Мать обвила шею отца руками и зарыдала от счастья: «И я тебя люблю, мой Медведь».

Что я вам скажу, Александр. Для познавших любовь, деньги гинеколога всего лишь фантики.

Муж обетованный

В мире мужчин браки с женщинами намного старше вызывают недоумение и затаенное пренебрежение. Таких мужей считают неудачниками, явными или скрытыми альфонсами. Так считал и я, пока однажды не услышал рассказ матери о нашем дальнем родственнике. В тот же вечер я прочитал библейскую истину о том, что Господь назначает мужчине жену за сорок дней до его рождения. Судя по всему, с родственником все так и произошло…

— Проходи, сынок, — мама шагнула в сторону и аккуратно положила небольшую стопку фотографий на стол рядом с открытым конвертом. — Надолго приехал?

— На выходные, — я обнял мать, зацепив конверт рукой. — Чьи это фотографии, мам?

— Двоюродная сестра Вера из Москвы прислала. Похвасталась сыном. Пишет, что в посольстве работает. На каких-то заграничных островах с семьей отдыхал. Хороший у Веры сын, серьезный. Матеев корень. Думал ли дядя Матвей, что его родня по заграницам разъезжать будет!?

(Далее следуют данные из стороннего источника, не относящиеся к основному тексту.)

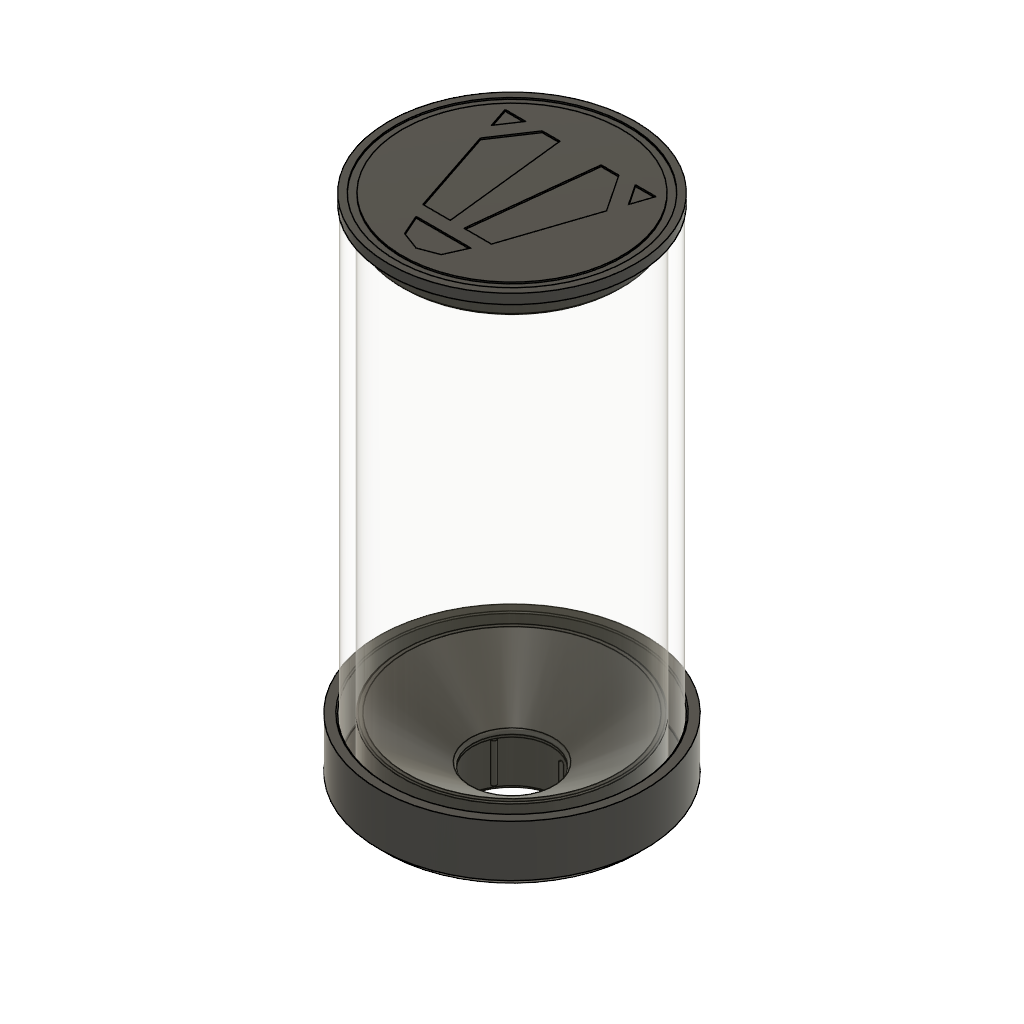
Trickler (Autodesk Fusion 360 archive; units mm, degrees)
design "PowderContainer"
part number: 2026-04-14-16-20-41-609
Autodesk Fusion 360 part; units mm, degrees
note: some values were not read from the file. Chosen so that the rebuilt part matches the saved one: how an offset face is resized. Set by a fixed rule: which sketch regions a step uses.
sketch "Sketch1" plane through (0, 0, 0) normal (0, 1, 0) x (1, 0, 0)
  circle A0 centre (0, 0) radius 25
  circle A1 centre (0, 0) radius 22.65
  dimension "d1" = 50
  dimension "d2" = 45.3
  constraint coincident A0.centre A1.centre
  measures "d1" diameter of A0
  measures "d2" diameter of A1
extrude "Extrude1" add sketch "Sketch1" along normal blind 100 makes body 1
sketch "Sketch2" plane through (0, 0, 0) normal (0, 1, 0) x (1, 0, 0)
  circle A0 centre (0, 0) radius 22.5
  circle A1 centre (0, 0) radius 25.2
  circle A2 centre (0, 0) radius 10.05
  circle A3 centre (0, 0) radius 12.05
  circle A4 centre (0, 0) radius 27.2
  circle A5 centre (0, 0) radius 8.05
  line L0 (0, -10.05) -> (8.7036, 5.025)
  line L1 (8.7036, 5.025) -> (-8.7036, 5.025)
  line L2 (-8.7036, 5.025) -> (0, -10.05)
  circle A6 centre (0, -10.05) radius 0.5
  circle A7 centre (8.7036, 5.025) radius 0.5
  circle A8 centre (-8.7036, 5.025) radius 0.5
  circle A9 centre (0, 0) radius 21
  dimension "d5" = 45
  dimension "d6" = 50.4
  dimension "d7" = 20.1
  dimension "d8" = 24.1
  dimension "d9" = 54.4
  dimension "d14" = 16.1
  dimension "d31" = 10.05
  dimension "d32" = 1
  dimension "d33" = 1
  dimension "d34" = 1
  dimension "d51" = 42
  constraint coincident A0.centre A1.centre
  constraint concentric A0 A1
  constraint concentric A1 A2
  constraint concentric A2 A3
  constraint concentric A0 A4
  constraint concentric A0 A5
  constraint coincident L0.start L2.end
  constraint coincident L0.end L1.start
  constraint coincident L1.end L2.start
  constraint concentric A2 A9
  measures "d5" diameter of A0
  measures "d6" diameter of A1
  measures "d7" diameter of A2
  measures "d8" diameter of A3
  measures "d9" diameter of A4
  measures "d14" diameter of A5
  measures "d31" distance of L0.start A0.centre
  measures "d32" diameter of A6
  measures "d33" diameter of A7
  measures "d34" diameter of A8
  measures "d51" diameter of A9
extrude "Extrude2" add sketch "Sketch2" along normal blind 10 separate body contours A0 | A2 A7 | A2 A6 | A2 A8 | A3 | A4 | A9 makes body 2 at (27.1662, 6.6667, 1.3558) makes body 3 at (22.472, 6.6667, 1.1215)
extrude "Extrude3" add sketch "Sketch2" against normal blind 2 contours A0 | A1 | A2 A7 | A2 A6 | A2 A8 | A3 | A4 | A9 bodies 2 3
extrude "Extrude4" add sketch "Sketch2" along normal blind 10 contours A2 A5 L0 A6 A7 | A2 L0 A7 | A2 L0 A6 | A2 L1 A7 | L0 L1 A7 | A5 L0 L1 A7 | L0 L2 A6 | A2 L2 A6 | A5 L0 L2 A6 | A2 A5 L1 A7 A8 | A2 A5 L2 A6 A8 | A2 L1 A8 | A2 L2 A8 | L1 L2 A8 | A5 L1 L2 A8 bodies 2
extrude "Extrude5" add sketch "Sketch2" against normal blind 11 contours A2 A7 | A2 A6 | A2 A8 | A3 bodies 2
chamfer "Chamfer4" distance 0.25 angle 45 2 edges at (-20.9774, 10, 8.1363) (-23.4946, 10, -9.1127) on bodies 2
chamfer "Chamfer5" distance 1.5 angle 45 1 edges at (-25.3593, -2, -9.8359) on bodies 2
chamfer "Chamfer6" distance 2 distance2 9 1 edges at (-11.2345, -2, 4.3575) measured on face at (21.0095, -2, 1.8754) on bodies 2
chamfer "Chamfer7" distance 1.5 angle 45 1 edges at (-13.0992, -2, -5.0807) on bodies 2
chamfer "Chamfer8" distance 13.5 distance2 9 1 edges at (-7.5052, 10, -2.911) measured on face at (17.4039, 10, 1.5053) on bodies 2
chamfer "Chamfer9" distance 0.5 distance2 0.5 1 edges at (-9.3699, 0, 3.6342) measured on face at (10.0375, -7.3333, 0.501) on bodies 2
extrude "Extrude7" add sketch "Sketch2" along normal blind -10 and the other way blind 1 contours A2 L0 A7 | A2 L0 A6 | A2 L1 A7 | L0 L1 A7 | L0 L2 A6 | A2 L2 A6 | A2 L1 A8 | A2 L2 A8 | L1 L2 A8 bodies 2
chamfer "Chamfer10" distance 0.5 angle 45 6 edges at (-8.2705, -1, -4.775) (-8.2705, -10, -4.775) (8.2705, -10, -4.775) (8.2705, -1, -4.775) (0, -1, 9.55) (0, -10, 9.55) on bodies 2
fillet "Fillet1" radius 1 1 edges at (-7.5052, 1, -2.911) on bodies 2
chamfer "Chamfer11" distance 1 angle 45 1 edges at (-9.3699, -11, 3.6342) on bodies 2
extrude "Extrude8" add sketch "Sketch2" along normal blind 100 and the other way blind -102 separate body contours A0 | A1 | A2 A5 L0 A6 A7 | A2 L0 A7 | A2 A7 | A2 A6 | A2 L0 A6 | A2 L1 A7 | L0 L1 A7 | A5 L0 L1 A7 | L0 L2 A6 | A2 L2 A6 | A5 L0 L2 A6 | A2 A5 L1 A7 A8 | A5 L0 L1 L2 | A5 L0 | A2 A5 L2 A6 A8 | A2 L1 A8 | A2 A8 | A5 L1 | A2 L2 A8 | A5 L2 | L1 L2 A8 | A5 L1 L2 A8 | A3 | A9 makes body 4
extrude "Extrude9" add sketch "Sketch2" along normal blind 100 and the other way blind -96 contours A0 bodies 4
chamfer "Chamfer12" distance 0.5 angle 45 1 edges at (-20.9774, 96, 8.1363) on bodies 4
sketch "Sketch3" plane through (0, 0, 0) normal (0, 0, 1) x (1, 0, 0)
  line L0 (0, 0) -> (0, -11)
  line L1 (0.5, -11) -> (-0.5, -11)
  line L2 (-0.5, -11) -> (-0.5, 0)
  line L3 (-0.5, 0) -> (0.5, 0)
  line L4 (0.5, 0) -> (0.5, -11)
  line L5 (0.5, -11) -> (-0.5, 0) construction
  line L6 (-0.5, -11) -> (0.5, 0) construction
  line L7 (0, 0) -> (0, -4)
  circle A0 centre (0, -4) radius 0.5
  point P0 (0, -5.5)
  dimension "d61" = 11
  dimension "d62" = 1
  dimension "d63" = 11
  dimension "d64" = 4
  dimension "d65" = 1
  constraint coincident L0.start L7.start
  constraint vertical L0
  constraint horizontal L1
  constraint perpendicular L1 L2
  constraint parallel L1 L3
  constraint parallel L2 L4
  constraint coincident L5 P0
  constraint coincident L6 P0
  constraint midpoint L0 P0
  constraint perpendicular L3 L7
  constraint coincident L7.end A0.centre
  measures "d61" distance of L0.start L0.end
  measures "d62" distance of L2.end L3.end
  measures "d63" distance of L1.end L2.end
  measures "d64" distance of L0.start L7.end
  measures "d65" diameter of A0
extrude "Extrude10" cut sketch "Sketch3" against normal blind 26 contours L0 L7 A0 | L0 L7 A0 | L0 L1 L4 A0 | L0 L1 L2 A0 bodies 2
sketch "Logo" plane through (0, 102, 0) normal (0, 1, 0) x (1, 0, 0)
  line L0 (-7.8348, 14) -> (-10.2703, 10.3468)
  line L1 (-1.4, -11.2) -> (-4.2, 14)
  line L2 (-12.8783, 6.4348) -> (-7, -11.2)
  line L3 (-4.2, 14) -> (-7.8348, 14)
  line L4 (-7, -11.2) -> (-1.4, -11.2)
  line L5 (-10.2703, 10.3468) -> (-12.8783, 6.4348)
  line L6 (7.8348, 14) -> (4.2, 14)
  line L7 (12.8783, 6.4348) -> (10.2703, 10.3468)
  line L8 (1.4, -11.2) -> (7, -11.2)
  line L9 (4.2, 14) -> (1.4, -11.2)
  line L10 (10.2703, 10.3468) -> (7.8348, 14)
  line L11 (7, -11.2) -> (12.8783, 6.4348)
  line L12 (5.6, -14) -> (3.7333, -18.2)
  line L13 (-3.7333, -18.2) -> (-5.6, -14)
  line L14 (0, -19.6) -> (-3.7333, -18.2)
  line L15 (-5.6, -14) -> (5.6, -14)
  line L16 (3.7333, -18.2) -> (0, -19.6)
  circle A0 centre (0, 0) radius 22.4
  circle A1 centre (0, 0) radius 23.8
  line L17 (-14, 9.8) -> (-15.4, 14)
  line L18 (-15.4, 14) -> (-11.2, 14)
  line L19 (-11.2, 14) -> (-14, 9.8)
  line L20 (14, 9.8) -> (11.2, 14)
  line L21 (11.2, 14) -> (15.4, 14)
  line L22 (15.4, 14) -> (14, 9.8)
scale "Scale1" [no effect]
extrude "Extrude11" cut sketch "Logo" against normal blind 0.3 bodies 4
equation "d2 = d1 - ( ( 2.35 * 2 ) * 1 mm )"
equation "d5 = d2 - 0.3 mm"
equation "d6 = d1 + 0.40 mm"
equation "d8 = d7 + 4 mm"
equation "d9 = d6 + 4 mm"
equation "d14 = d7 - 4 mm"
equation "d31 = d7 / 2"
equation "d33 = d32"
equation "d34 = d32"
equation "d51 = d5 - 3 mm"
equation "d63 = d61"
equation "d65 = d62"
named bodies: "Acrylic Pipe", "ReservoirAdapter", "ReservoirCap"

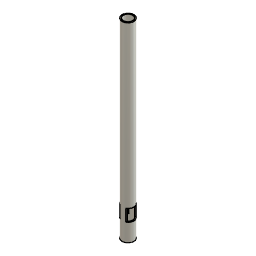
design "Pipe"
part number: 2026-04-14-16-00-10-104
Autodesk Fusion 360 part; units mm, degrees
sketch "Sketch1" plane through (0, 0, 0) normal (0, 1, 0) x (1, 0, 0)
  circle A0 centre (0, 0) radius 5
  circle A1 centre (0, 0) radius 4
  dimension "d1" = 10
  dimension "d2" = 8
  constraint coincident A0.centre A1.centre
  measures "d1" diameter of A0
  measures "d2" diameter of A1
extrude "Extrude1" add sketch "Sketch1" along normal blind 160
sketch "Sketch2" plane through (0, 0, 0) normal (0, 0, 1) x (1, 0, 0)
  line L0 (-5, 0) -> (5, 0)
  line L1 (5, 0) -> (5, 15)
  line L2 (5, 15) -> (-5, 15)
  line L3 (-5, 15) -> (-5, 0)
  line L4 (-5, 15) -> (5, 15)
  line L5 (5, 15) -> (5, 25)
  line L6 (5, 25) -> (-5, 25)
  line L7 (-5, 25) -> (-5, 15)
  line L8 (-5, 25) -> (-2.5, 25)
  line L9 (-2.5, 25) -> (-2.5, 15)
  line L10 (-2.5, 15) -> (-5, 15)
  line L11 (-5, 15) -> (-5, 25)
  line L12 (5, 15) -> (2.5, 15)
  line L13 (2.5, 15) -> (2.5, 25)
  line L14 (2.5, 25) -> (5, 25)
  line L15 (5, 25) -> (5, 15)
  dimension "d5" = 10
  dimension "d6" = 15
  dimension "d7" = 10
  dimension "d8" = 10
  dimension "d9" = 2.5
  dimension "d10" = 10
  dimension "d11" = 2.5
  dimension "d12" = 10
  constraint horizontal L0
  constraint vertical L1
  constraint horizontal L2
  constraint vertical L3
  constraint horizontal L4
  constraint vertical L5
  constraint horizontal L6
  constraint vertical L7
  constraint horizontal L8
  constraint vertical L9
  constraint horizontal L10
  constraint vertical L11
  constraint horizontal L12
  constraint vertical L13
  constraint horizontal L14
  constraint vertical L15
  measures "d5" distance of L0.start L0.end
  measures "d6" distance of L0.start L2.end
  measures "d7" distance of L2.end L1.end
  measures "d8" distance of L2.end L6.end
  measures "d9" distance of L6.end L8.end
  measures "d10" distance of L6.end L2.end
  measures "d11" distance of L1.end L12.end
  measures "d12" distance of L1.end L5.end
extrude "Extrude2" cut sketch "Sketch2" along normal mid plane 20 contours L2 L4 L6 L7 L8 L9 L10 L11 | L2 L4 L5 L6 L12 L13 L14 L15
equation "d2 = d1 - 2 mm"
equation "d5 = d1"
equation "d7 = d1"
equation "d9 = d1 / 4"
equation "d10 = d1"
equation "d11 = d1 / 4"
equation "d12 = d1"
equation "d13 = d1"
named bodies: "Pipe"

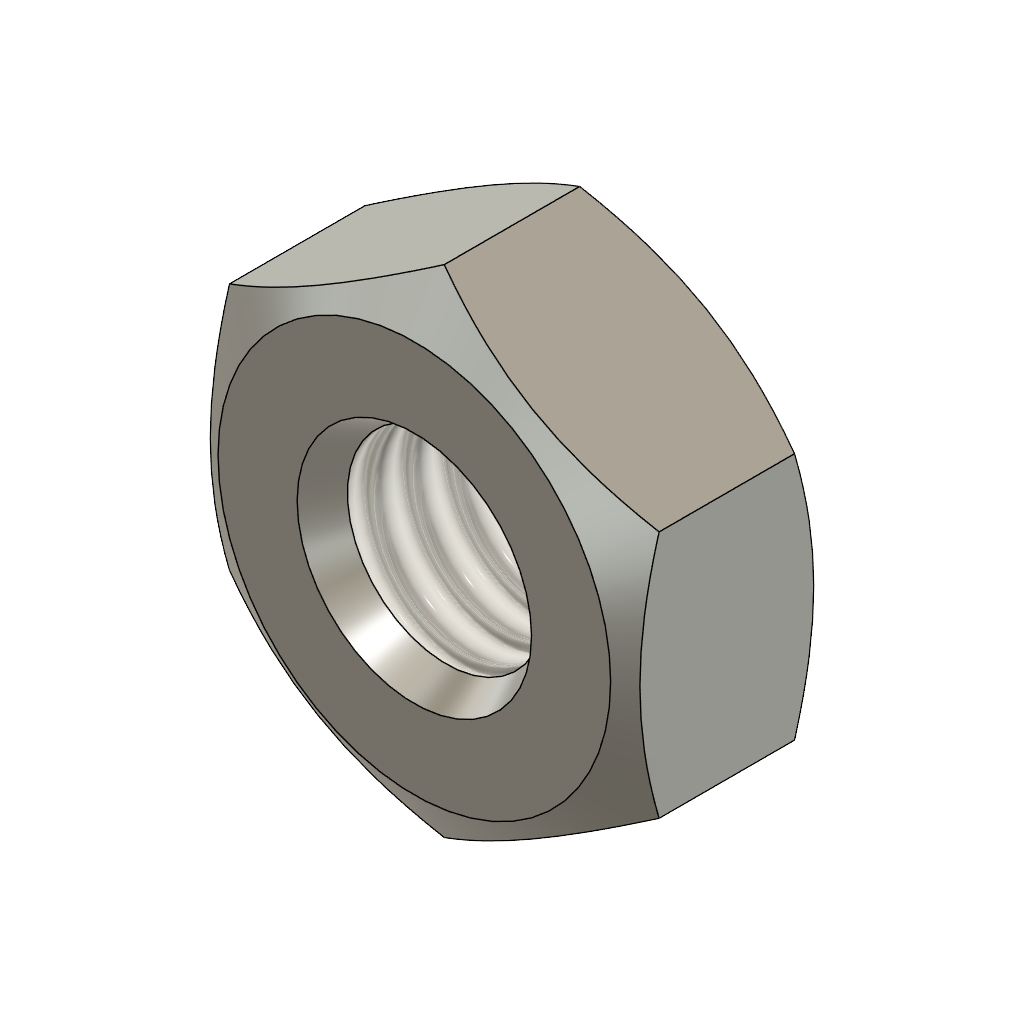
design "Hexagon Nut DIN EN 14399-4 - M3 Steel 6 Plain"
description: Hexagon Nut DIN EN 14399-4 - M3
part number: DIN EN 14399-4 - M3 Steel 6 Plain
Autodesk Fusion 360 part; units mm, degrees
sketch "Sketch1" plane through (0, 0, 0) normal (0, 1, 0) x (1, 0, 0)
  line L0 (0, 0) -> (0, -2.5)
  line L1 (-1.5, 0) -> (-2.5125, 0)
  line L2 (-2.5125, 0) -> (-3.1762, -0.3832)
  line L3 (-3.1762, -0.3832) -> (-3.1762, -2.1168)
  line L4 (-3.1762, -2.1168) -> (-2.5125, -2.5)
  line L5 (-2.5125, -2.5) -> (-1.5, -2.5)
  line L6 (-1.5, -2.5) -> (-1.5, 0)
  dimension "d121" = 3
  dimension "d122" = 30
  dimension "d123" = 30
  dimension "d128" = 6.3525
  dimension "d172" = 5.025
  dimension "d179" = 2.5
  constraint vertical L0
  constraint coincident L0 L0.end
  constraint coincident origin L0
  constraint horizontal L1
  constraint coincident L0.start L1
  constraint coincident L0.start origin
  constraint coincident L0.end L5
  constraint vertical L1.end L4.end
  measures "d122" angle of L1 L2
  measures "d123" angle of L4 L5
  measures "d179" distance of L1 L5
revolve "Revolve1" add sketch "Sketch1" angle 360 about axis through (0, 0, 0) along (0, 0, 1)
sketch "Sketch8" plane through (0, 0, 2.5) normal (0, 0, 1) x (1, 0, 0)
  line L0 (-2.75, -1.5894) -> (-2.75, 1.5894)
  circle A0 centre (0, 0) radius 1.5
  circle A1 centre (0, 0) radius 3.1762
  dimension "d114" = 2.75
  constraint coincident L0.end A1
  constraint coincident L0.start A1
  constraint vertical L0
  measures "d114" distance of A0.centre L0
extrude "Extrude5" cut sketch "Sketch8" against normal blind 2.5 contours L0 A1 picked at (-2.8188, -0.3871)
pattern_circular "C-Pattern2" count 6 over 360 about axis through (0, 0, 1.75) along (0, 0, 1) of "Extrude5"
thread "Thread3" "ISO Metric profile 3.0 M3x0.5 M3x0.5 6H" major diameter 3.086 minor diameter 2.529 pitch 0.5 angle 60 resizes the face on face at (-1.4981, 0.0748, 1.6667)
sketch "Sketch12" plane through (0, 0, 0) normal (0, 1, 0) x (1, 0, 0)
  line L0 (-1.5, 0) -> (0, 0)
  line L1 (-0.7783, -1.25) -> (-1.5, 0)
  line L2 (-1.5, -2.5) -> (0, -2.5)
  line L3 (-0.7783, -1.25) -> (-1.5, -2.5)
  line L4 (0, 0) -> (0, -2.5)
  dimension "d169" = 60
  dimension "d177" = 1.5
  dimension "d178" = 60
  constraint horizontal L0
  constraint coincident L1.start L3.start
  constraint vertical L0.start L2.start
  constraint coincident L2.end L4.end
  constraint coincident L0.end L4.start
  constraint perpendicular L2 L4
  measures "d169" angle of L2 L3
  measures "d177" distance of L0.start L4
  measures "d178" angle of L0 L1
revolve "Revolve3" cut sketch "Sketch12" angle 360 about axis through (0, 0, 1.75) along (0, 0, 1)
equation "adsk_nheig = 2.50 mm"
equation "adsk_maxdia = 6.3525 mm"
equation "adsk_nomdia = 3.00 mm"
equation "d89 = -adsk_nheig"
equation "adsk_waflat = 5.50 mm"
equation "d114 = adsk_waflat / 2"
equation "adsk_chamang1 = 30.00 deg"
equation "adsk_chamang2 = 30.00 deg"
equation "d121 = adsk_nomdia"
equation "d122 = adsk_chamang1"
equation "d123 = adsk_chamang2"
equation "d128 = adsk_maxdia"
equation "d163 = adsk_nheig"
equation "adsk_beardia = 5.025 mm"
equation "d172 = adsk_beardia"
equation "d177 = adsk_nomdia * 0.5"
equation "d179 = adsk_nheig"

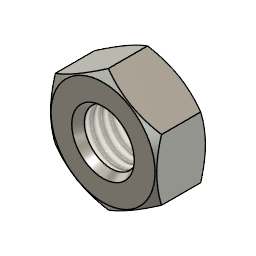
design "Hexagon Nut DIN 934 - M10 x 1.5 Steel 6 Plain"
description: Hexagon Nut DIN 934 - M10 x 1.5
part number: DIN 934 - M10 x 1.5 Steel 6 Plain
Autodesk Fusion 360 part; units mm, degrees
sketch "Sketch1" plane through (0, 0, 0) normal (0, 1, 0) x (1, 0, 0)
  line L0 (0, 0) -> (0, -8)
  line L1 (-5, 0) -> (-8.33, 0)
  line L2 (-8.33, 0) -> (-9.8175, -0.8588)
  line L3 (-9.8175, -0.8588) -> (-9.8175, -7.1412)
  line L4 (-9.8175, -7.1412) -> (-8.33, -8)
  line L5 (-8.33, -8) -> (-5, -8)
  line L6 (-5, -8) -> (-5, 0)
  dimension "d121" = 10
  dimension "d122" = 30
  dimension "d123" = 30
  dimension "d128" = 19.635
  dimension "d172" = 16.66
  dimension "d179" = 8
  constraint vertical L0
  constraint coincident L0 L0.end
  constraint coincident origin L0
  constraint horizontal L1
  constraint coincident L0.start L1
  constraint coincident L0.start origin
  constraint coincident L0.end L5
  constraint vertical L1.end L4.end
  measures "d122" angle of L1 L2
  measures "d123" angle of L4 L5
  measures "d179" distance of L1 L5
revolve "Revolve1" add sketch "Sketch1" angle 360 about axis through (0, 0, 0) along (0, 0, 1)
sketch "Sketch8" plane through (0, 0, 8) normal (0, 0, 1) x (1, 0, 0)
  line L0 (-8.5, -4.9126) -> (-8.5, 4.9126)
  circle A0 centre (0, 0) radius 5
  circle A1 centre (0, 0) radius 9.8175
  dimension "d114" = 8.5
  constraint coincident L0.end A1
  constraint coincident L0.start A1
  constraint vertical L0
  measures "d114" distance of A0.centre L0
extrude "Extrude5" cut sketch "Sketch8" against normal blind 8 contours L0 A1 picked at (-8.7126, 1.1966)
pattern_circular "C-Pattern2" count 6 over 360 about axis through (0, 0, 1.75) along (0, 0, 1) of "Extrude5"
thread "Thread3" "ISO Metric profile 10.0 M10x1.5 M10x1.5 6H" major diameter 10.198 minor diameter 8.526 pitch 1.5 angle 60 resizes the face on face at (-4.9752, 0.4978, 5.3333)
sketch "Sketch12" plane through (0, 0, 0) normal (0, 1, 0) x (1, 0, 0)
  line L0 (-5, 0) -> (0, 0)
  line L1 (-2.6906, -4) -> (-5, 0)
  line L2 (-5, -8) -> (0, -8)
  line L3 (-2.6906, -4) -> (-5, -8)
  line L4 (0, 0) -> (0, -8)
  dimension "d169" = 60
  dimension "d177" = 5
  dimension "d178" = 60
  constraint horizontal L0
  constraint coincident L1.start L3.start
  constraint vertical L0.start L2.start
  constraint coincident L2.end L4.end
  constraint coincident L0.end L4.start
  constraint perpendicular L2 L4
  measures "d169" angle of L2 L3
  measures "d177" distance of L0.start L4
  measures "d178" angle of L0 L1
revolve "Revolve3" cut sketch "Sketch12" angle 360 about axis through (0, 0, 1.75) along (0, 0, 1)
equation "adsk_nheig = 8.00 mm"
equation "adsk_maxdia = 19.635 mm"
equation "adsk_nomdia = 10.00 mm"
equation "d89 = -adsk_nheig"
equation "adsk_waflat = 17.00 mm"
equation "d114 = adsk_waflat / 2"
equation "adsk_chamang1 = 30.00 deg"
equation "adsk_chamang2 = 30.00 deg"
equation "d121 = adsk_nomdia"
equation "d122 = adsk_chamang1"
equation "d123 = adsk_chamang2"
equation "d128 = adsk_maxdia"
equation "d163 = adsk_nheig"
equation "adsk_beardia = adsk_waflat * 0.98"
equation "d172 = adsk_beardia"
equation "d177 = adsk_nomdia * 0.5"
equation "d179 = adsk_nheig"

— Дядя Матвей? О нем я ничего не слышал… кто он? расскажи…

— Хорошо! Присаживайся, но история длинная.

Деревня наша большая — до самого леса тянулась. И даже в лесу небольшой хуторок приблудился. В нем до войны жила семья. Зажиточная по тем временам: хозяин, хозяйка и двое мальчишек. Старший Иван и младший Матвей, или Матей, как его деревенские называли.

Но однажды беда об их гвоздь юбку порвала. Хозяин упал с лошади и вскоре умер. Жена долго не горевала и завела любовника из городских. Через месяц возлюбленный поставил условия: «Копаться в земле я не буду. И твоя ребятня мне не нужна. Поедешь со мной в город одна, там и заживем красиво. А дети не пропадут — у тебя сколько родственников!»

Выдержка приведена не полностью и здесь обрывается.